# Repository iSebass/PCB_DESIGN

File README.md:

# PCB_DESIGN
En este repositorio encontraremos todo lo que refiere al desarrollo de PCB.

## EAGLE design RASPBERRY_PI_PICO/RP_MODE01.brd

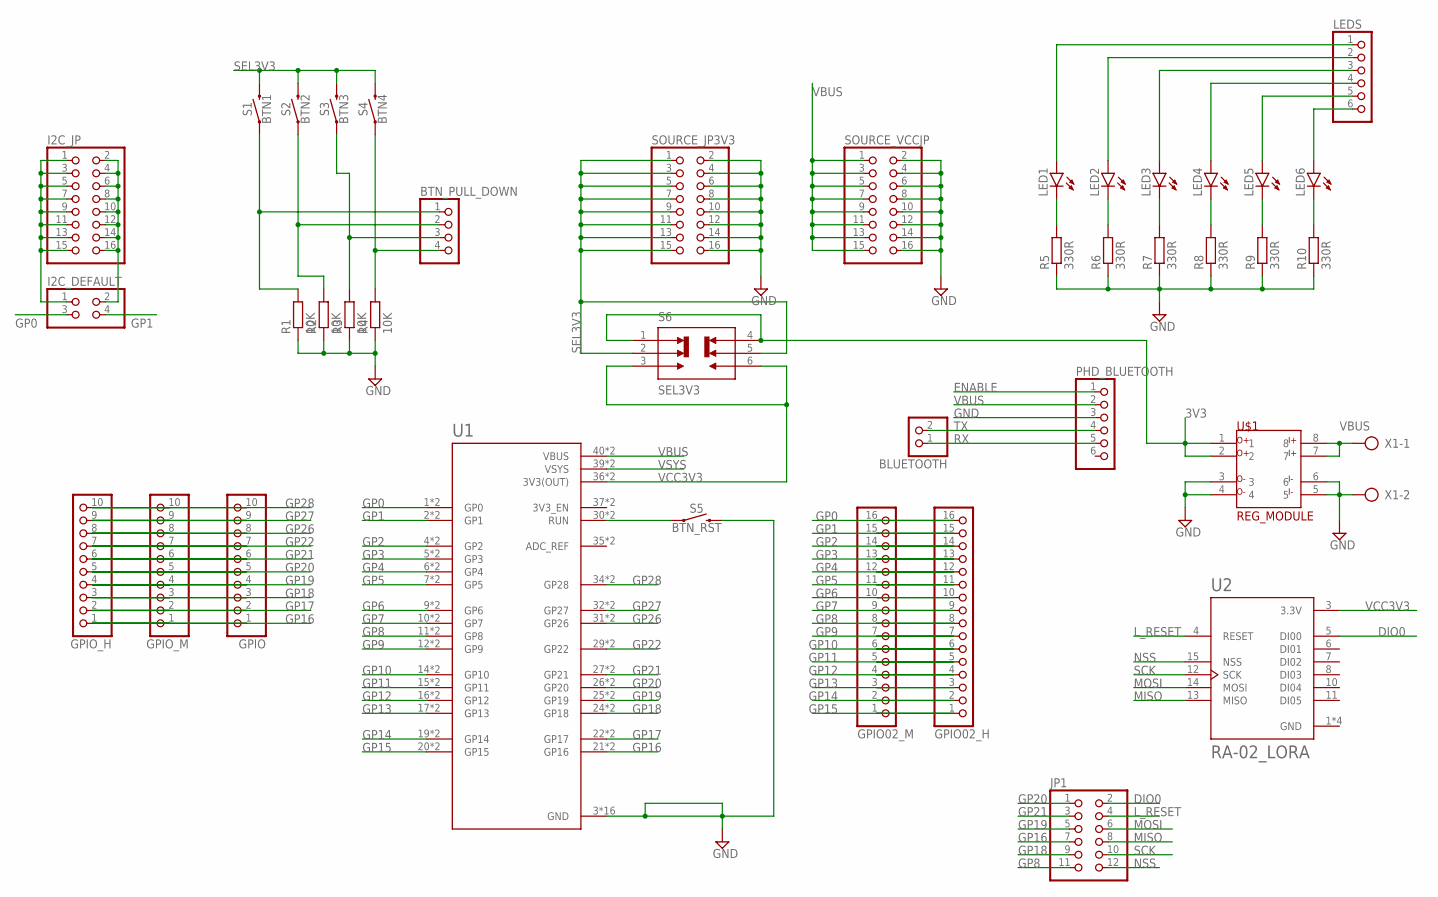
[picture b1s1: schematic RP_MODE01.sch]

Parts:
BLUETOOTH: PINHD-1X2; 1X02
BTN_PULL_DOWN: PINHD-1X4; 1X04
GPIO: PINHD-1X10; 1X10
GPIO02_H, GPIO02_M: PINHD-1X16; 1X16
GPIO_H: PINHD-1X10; 1X10
GPIO_M: PINHD-1X10; 1X10
I2C_DEFAULT: PINHD-2X2; 2X02
I2C_JP: PINHD-2X8; 2X08
JP1: PINHD-2X6; 2X06
LED1, LED2, LED3, LED4, LED5, LED6: LEDCHIP-LED0805; CHIP-LED0805
LEDS: PINHD-1X6; 1X06
PHD_BLUETOOTH: PINHD-1X6; 1X06
R1, R2, R3, R4: 10K; R0805
R5, R6, R7, R8, R9, R10: 330R; R0805
S1: BTN1; TACTILE_SWITCH_SMD_6.0X3.5MM
S2: BTN2; TACTILE_SWITCH_SMD_6.0X3.5MM
S3: BTN3; TACTILE_SWITCH_SMD_6.0X3.5MM
S4: BTN4; TACTILE_SWITCH_SMD_6.0X3.5MM
S5: BTN_RST; TACTILE_SWITCH_SMD_6.0X3.5MM
S6: SEL3V3; SW_JS202011SCQN
SOURCE_JP3V3: PINHD-2X8; 2X08
SOURCE_VCCJP: PINHD-2X8; 2X08
U1: RASPBERRY_PICO-NO_DEBUG; PICO-PKG-NO_DEBUG
U2: RA-02_LORA; MODULE_RA-02_LORA
U$1: REG_MODULE
X1: AK300/2

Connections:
3V3: S6.1, S6.4, U$1.1, U$1.2
DIO0: JP1.2, U2.5 (DI00)
ENABLE: PHD_BLUETOOTH.1
GND: PHD_BLUETOOTH.3, R1.1, R2.1, R3.1, R4.1, R5.1, R6.1, R7.1, R8.1, R9.1, R10.1, S5.2, SOURCE_JP3V3.2, SOURCE_JP3V3.4, SOURCE_JP3V3.6, SOURCE_JP3V3.8, SOURCE_JP3V3.10, SOURCE_JP3V3.12, SOURCE_JP3V3.14, SOURCE_JP3V3.16, SOURCE_VCCJP.2, SOURCE_VCCJP.4, SOURCE_VCCJP.6, SOURCE_VCCJP.8, SOURCE_VCCJP.10, SOURCE_VCCJP.12, SOURCE_VCCJP.14, SOURCE_VCCJP.16, U1.3 (GND), U1.8 (GND), U1.13 (GND), U1.18 (GND), U1.23 (GND), U1.28 (GND), U1.33 (GND), U1.38 (GND), U1.P$3 (GND), U1.P$8 (GND), U1.P$13 (GND), U1.P$18 (GND), U1.P$23 (GND), U1.P$28 (GND), U1.P$33 (GND), U1.P$38 (GND), U2.1 (GND), U2.2 (GND), U2.9 (GND), U2.16 (GND), U$1.3, U$1.4, U$1.5, U$1.6, X1.2
GP0: GPIO02_H.16, GPIO02_M.16, I2C_DEFAULT.3, U1.1 (GP0), U1.P$1 (GP0)
GP1: GPIO02_H.15, GPIO02_M.15, I2C_DEFAULT.4, U1.2 (GP1), U1.P$2 (GP1)
GP2: GPIO02_H.14, GPIO02_M.14, U1.4 (GP2), U1.P$4 (GP2)
GP3: GPIO02_H.13, GPIO02_M.13, U1.5 (GP3), U1.P$5 (GP3)
GP4: GPIO02_H.12, GPIO02_M.12, U1.6 (GP4), U1.P$6 (GP4)
GP5: GPIO02_H.11, GPIO02_M.11, U1.7 (GP5), U1.P$7 (GP5)
GP6: GPIO02_H.10, GPIO02_M.10, U1.9 (GP6), U1.P$9 (GP6)
GP7: GPIO02_H.9, GPIO02_M.9, U1.10 (GP7), U1.P$10 (GP7)
GP8: GPIO02_H.8, GPIO02_M.8, JP1.11, U1.11 (GP8), U1.P$11 (GP8)
GP9: GPIO02_H.7, GPIO02_M.7, U1.12 (GP9), U1.P$12 (GP9)
GP10: GPIO02_H.6, GPIO02_M.6, U1.14 (GP10), U1.P$14 (GP10)
GP11: GPIO02_H.5, GPIO02_M.5, U1.15 (GP11), U1.P$15 (GP11)
GP12: GPIO02_H.4, GPIO02_M.4, U1.16 (GP12), U1.P$16 (GP12)
GP13: GPIO02_H.3, GPIO02_M.3, U1.17 (GP13), U1.P$17 (GP13)
GP14: GPIO02_H.2, GPIO02_M.2, U1.19 (GP14), U1.P$19 (GP14)
GP15: GPIO02_H.1, GPIO02_M.1, U1.20 (GP15), U1.P$20 (GP15)
GP16: GPIO.1, GPIO_H.1, GPIO_M.1, JP1.7, U1.21 (GP16), U1.P$21 (GP16)
GP17: GPIO.2, GPIO_H.2, GPIO_M.2, U1.22 (GP17), U1.P$22 (GP17)
GP18: GPIO.3, GPIO_H.3, GPIO_M.3, JP1.9, U1.24 (GP18), U1.P$24 (GP18)
GP19: GPIO.4, GPIO_H.4, GPIO_M.4, JP1.5, U1.25 (GP19), U1.P$25 (GP19)
GP20: GPIO.5, GPIO_H.5, GPIO_M.5, JP1.1, U1.26 (GP20), U1.P$26 (GP20)
GP21: GPIO.6, GPIO_H.6, GPIO_M.6, JP1.3, U1.27 (GP21), U1.P$27 (GP21)
GP22: GPIO.7, GPIO_H.7, GPIO_M.7, U1.29 (GP22), U1.P$29 (GP22)
GP26: GPIO.8, GPIO_H.8, GPIO_M.8, U1.31 (GP26), U1.P$31 (GP26)
GP27: GPIO.9, GPIO_H.9, GPIO_M.9, U1.32 (GP27), U1.P$32 (GP27)
GP28: GPIO.10, GPIO_H.10, GPIO_M.10, U1.34 (GP28), U1.P$34 (GP28)
L_RESET: JP1.4, U2.4 (RESET)
MISO: JP1.8, U2.13 (MISO)
MOSI: JP1.6, U2.14 (MOSI)
unnamed: BTN_PULL_DOWN.1, R1.2, S1.1
unnamed: BTN_PULL_DOWN.2, R2.2, S2.1
unnamed: BTN_PULL_DOWN.3, R3.2, S3.1
unnamed: BTN_PULL_DOWN.4, R4.2, S4.1
unnamed: S5.1, U1.30 (RUN), U1.P$30 (RUN)
unnamed: LED2.A, LEDS.2
unnamed: LED3.A, LEDS.3
unnamed: LED1.C, R5.2
unnamed: LED2.C, R6.2
unnamed: LED3.C, R7.2
unnamed: LED4.C, R8.2
unnamed: LED5.C, R9.2
unnamed: LED6.C, R10.2
unnamed: LED6.A, LEDS.6
unnamed: LED1.A, LEDS.1
unnamed: LED4.A, LEDS.4
unnamed: LED5.A, LEDS.5
NSS: JP1.12, U2.15 (NSS)
RX: BLUETOOTH.1, PHD_BLUETOOTH.5
SCK: JP1.10, U2.12 (SCK)
SCL: I2C_DEFAULT.2, I2C_JP.2, I2C_JP.4, I2C_JP.6, I2C_JP.8, I2C_JP.10, I2C_JP.12, I2C_JP.14, I2C_JP.16
SDA: I2C_DEFAULT.1, I2C_JP.1, I2C_JP.3, I2C_JP.5, I2C_JP.7, I2C_JP.9, I2C_JP.11, I2C_JP.13, I2C_JP.15
SEL3V3: S1.2, S2.2, S3.2, S4.2, S6.2, S6.5, SOURCE_JP3V3.1, SOURCE_JP3V3.3, SOURCE_JP3V3.5, SOURCE_JP3V3.7, SOURCE_JP3V3.9, SOURCE_JP3V3.11, SOURCE_JP3V3.13, SOURCE_JP3V3.15
TX: BLUETOOTH.2, PHD_BLUETOOTH.4
VBUS: PHD_BLUETOOTH.2, SOURCE_VCCJP.1, SOURCE_VCCJP.3, SOURCE_VCCJP.5, SOURCE_VCCJP.7, SOURCE_VCCJP.9, SOURCE_VCCJP.11, SOURCE_VCCJP.13, SOURCE_VCCJP.15, U1.40 (VBUS), U1.P$40 (VBUS), U$1.7, U$1.8, X1.1
VCC3V3: S6.3, S6.6, U1.36 (3V3(OUT)), U1.P$36 (3V3(OUT)), U2.3 (3.3V)
VSYS: U1.39 (VSYS), U1.P$39 (VSYS)

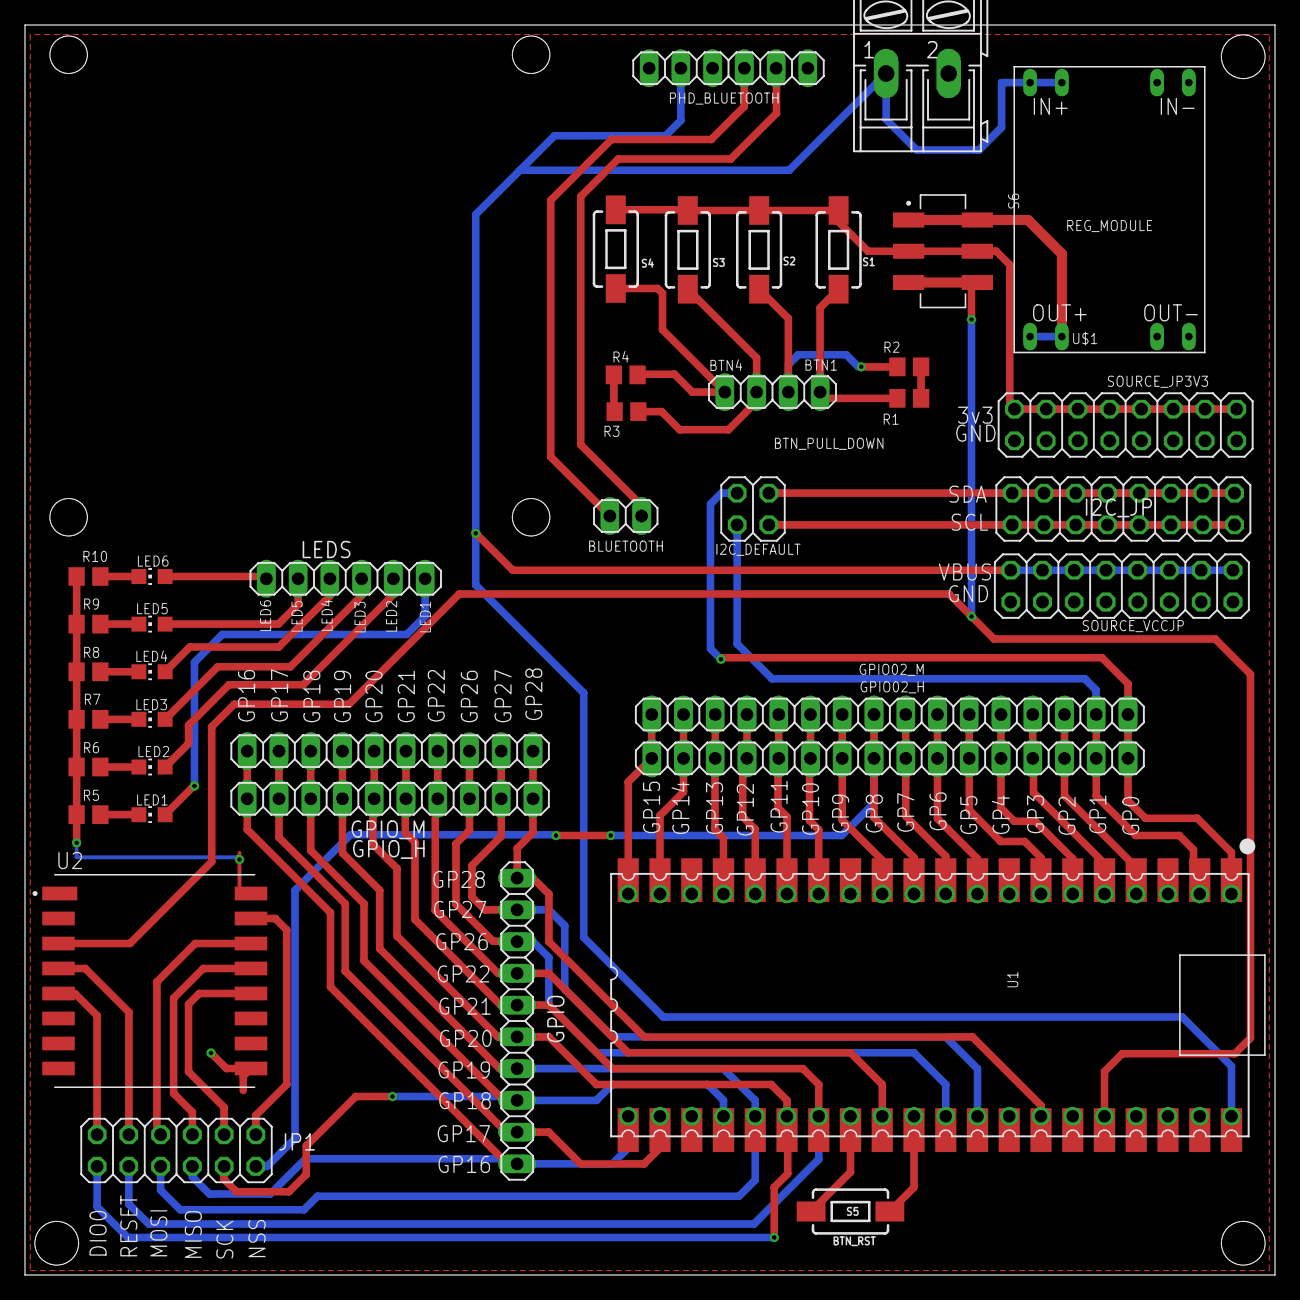
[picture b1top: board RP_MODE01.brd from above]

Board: 2 copper layers, 100.0 x 100.0 mm, 40 parts (0 on the bottom side), 59 nets.

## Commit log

2023-10-23 Se agrega codigo correspondientes a la PCB de TI
2023-10-26 Se actualiza PCB
^^^^
# What to produce
Within the material above, transcribe exactly the lines that run from the line holding "GP22: GPIO.7, GPIO_H.7, GPIO_M.7, U1.29" through the line holding "unnamed: LED2.C, R6.2".

# Answer section
GP22: GPIO.7, GPIO_H.7, GPIO_M.7, U1.29 (GP22), U1.P$29 (GP22)
GP26: GPIO.8, GPIO_H.8, GPIO_M.8, U1.31 (GP26), U1.P$31 (GP26)
GP27: GPIO.9, GPIO_H.9, GPIO_M.9, U1.32 (GP27), U1.P$32 (GP27)
GP28: GPIO.10, GPIO_H.10, GPIO_M.10, U1.34 (GP28), U1.P$34 (GP28)
L_RESET: JP1.4, U2.4 (RESET)
MISO: JP1.8, U2.13 (MISO)
MOSI: JP1.6, U2.14 (MOSI)
unnamed: BTN_PULL_DOWN.1, R1.2, S1.1
unnamed: BTN_PULL_DOWN.2, R2.2, S2.1
unnamed: BTN_PULL_DOWN.3, R3.2, S3.1
unnamed: BTN_PULL_DOWN.4, R4.2, S4.1
unnamed: S5.1, U1.30 (RUN), U1.P$30 (RUN)
unnamed: LED2.A, LEDS.2
unnamed: LED3.A, LEDS.3
unnamed: LED1.C, R5.2
unnamed: LED2.C, R6.2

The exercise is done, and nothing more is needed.